Affable and sensitive, Clark becomes Arthur’s best friend when the two of them take an acting class together in Toronto as teenagers. At the time, Clark sports a punk hairstyle and tells Arthur that he would “rather die” than go to business school, as his parents want him to. He does not maintain his position, however, and ends up getting a PhD and becoming a management consultant. Like Arthur, Clark comes to a sudden realization, just before the collapse, that the life he has been living is an empty one, but, unlike Arthur, Clark survives to make a fresh start. He does this by contributing to the establishment of a community at the airport in Severn City and founding the Museum of Civilization. His return, late in life, to the hairstyle of his youth symbolizes the revival of his authentic self. Clark’s development constitutes a commentary on the potentially deadening effects of the modern corporate lifestyle.

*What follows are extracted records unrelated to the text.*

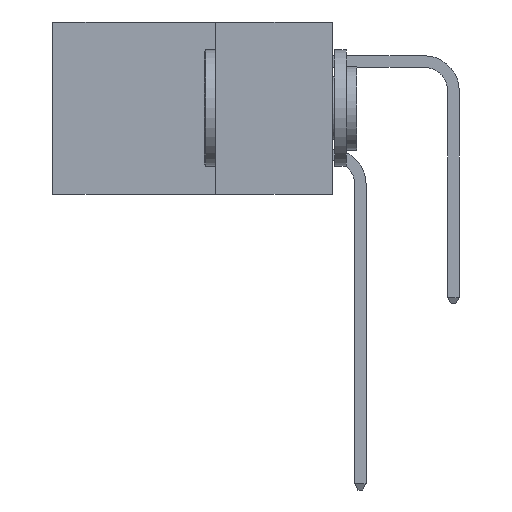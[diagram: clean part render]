
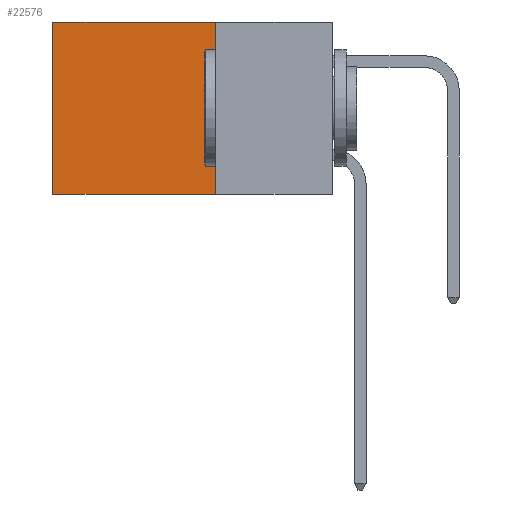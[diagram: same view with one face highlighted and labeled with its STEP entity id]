
A CAD part, left-side view. The second image highlights one B-rep face of the part: STEP entity #22576.
In plain terms, the highlighted planar face has unit normal (-1, 0, 0).
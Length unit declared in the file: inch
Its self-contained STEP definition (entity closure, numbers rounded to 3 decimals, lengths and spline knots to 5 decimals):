
#535 = DIRECTION ( 'NONE',  ( 0., 1., 0. ) ) ;
#1610 = AXIS2_PLACEMENT_3D ( 'NONE', #13024, #15150, #2339 ) ;
#2339 = DIRECTION ( 'NONE',  ( 0., 0., -1. ) ) ;
#2429 = DIRECTION ( 'NONE',  ( 0., 1., 0. ) ) ;
#2545 = CARTESIAN_POINT ( 'NONE',  ( 0.2615, 0.25, 0. ) ) ;
#2662 = LINE ( 'NONE', #9656, #13387 ) ;
#3289 = ORIENTED_EDGE ( 'NONE', *, *, #4925, .F. ) ;
#3957 = FACE_OUTER_BOUND ( 'NONE', #24079, .T. ) ;
#4067 = CARTESIAN_POINT ( 'NONE',  ( 0.2615, 0.25, -0.37 ) ) ;
#4925 = EDGE_CURVE ( 'NONE', #8127, #15874, #21672, .T. ) ;
#5404 = DIRECTION ( 'NONE',  ( 0., 0., -1. ) ) ;
#6528 = CARTESIAN_POINT ( 'NONE',  ( 0.2615, 0.25, -0.37 ) ) ;
#7467 = ORIENTED_EDGE ( 'NONE', *, *, #22195, .T. ) ;
#7582 = CARTESIAN_POINT ( 'NONE',  ( 0.2615, 0.25, -0.37 ) ) ;
#7757 = EDGE_CURVE ( 'NONE', #11990, #8127, #23777, .T. ) ;
#8127 = VERTEX_POINT ( 'NONE', #6528 ) ;
#9473 = ORIENTED_EDGE ( 'NONE', *, *, #7757, .F. ) ;
#9656 = CARTESIAN_POINT ( 'NONE',  ( 0.2615, 0.6, -0.37 ) ) ;
#9754 = DIRECTION ( 'NONE',  ( 0., 0., -1. ) ) ;
#10370 = CARTESIAN_POINT ( 'NONE',  ( 0.2615, 0.6, 0. ) ) ;
#10389 = VECTOR ( 'NONE', #2429, 39.37008 ) ;
#10526 = CARTESIAN_POINT ( 'NONE',  ( 0.2615, 0.6, -0.37 ) ) ;
#10782 = VECTOR ( 'NONE', #535, 39.37008 ) ;
#11449 = LINE ( 'NONE', #21889, #10782 ) ;
#11562 = ORIENTED_EDGE ( 'NONE', *, *, #23923, .T. ) ;
#11990 = VERTEX_POINT ( 'NONE', #2545 ) ;
#12565 = VECTOR ( 'NONE', #9754, 39.37008 ) ;
#13024 = CARTESIAN_POINT ( 'NONE',  ( 0.2615, 0.25, -0.37 ) ) ;
#13387 = VECTOR ( 'NONE', #5404, 39.37008 ) ;
#15150 = DIRECTION ( 'NONE',  ( 1., 0., 0. ) ) ;
#15874 = VERTEX_POINT ( 'NONE', #10526 ) ;
#21672 = LINE ( 'NONE', #4067, #10389 ) ;
#21889 = CARTESIAN_POINT ( 'NONE',  ( 0.2615, 0.25, 0. ) ) ;
#22195 = EDGE_CURVE ( 'NONE', #24265, #15874, #2662, .T. ) ;
#22576 = ADVANCED_FACE ( 'NONE', ( #3957 ), #25588, .F. ) ;
#23777 = LINE ( 'NONE', #7582, #12565 ) ;
#23923 = EDGE_CURVE ( 'NONE', #11990, #24265, #11449, .T. ) ;
#24079 = EDGE_LOOP ( 'NONE', ( #7467, #3289, #9473, #11562 ) ) ;
#24265 = VERTEX_POINT ( 'NONE', #10370 ) ;
#25588 = PLANE ( 'NONE',  #1610 ) ;

The collection of 20-something people who make up the Traveling Symphony function, in many ways, as a single unit. In addition to traveling and performing together, they share a collective identity and purpose: the preservation of art in a desolate world. When members of the Symphony are separated from the main body of the Symphony, they feel displaced and disoriented. The Symphony also evolves over time, adding new people to the roster and adjusting its aims. At the end of the novel, the Symphony continues its march into uncharted territory, which would have been unheard of just a year before, when caution precluded the Symphony from leaving its established territory. There are hints that the Symphony’s departure from its usual physical territory may be accompanied by a departure from its usual repertoire: Sidney harbors aspirations to write new plays that grapple with the post-pandemic world.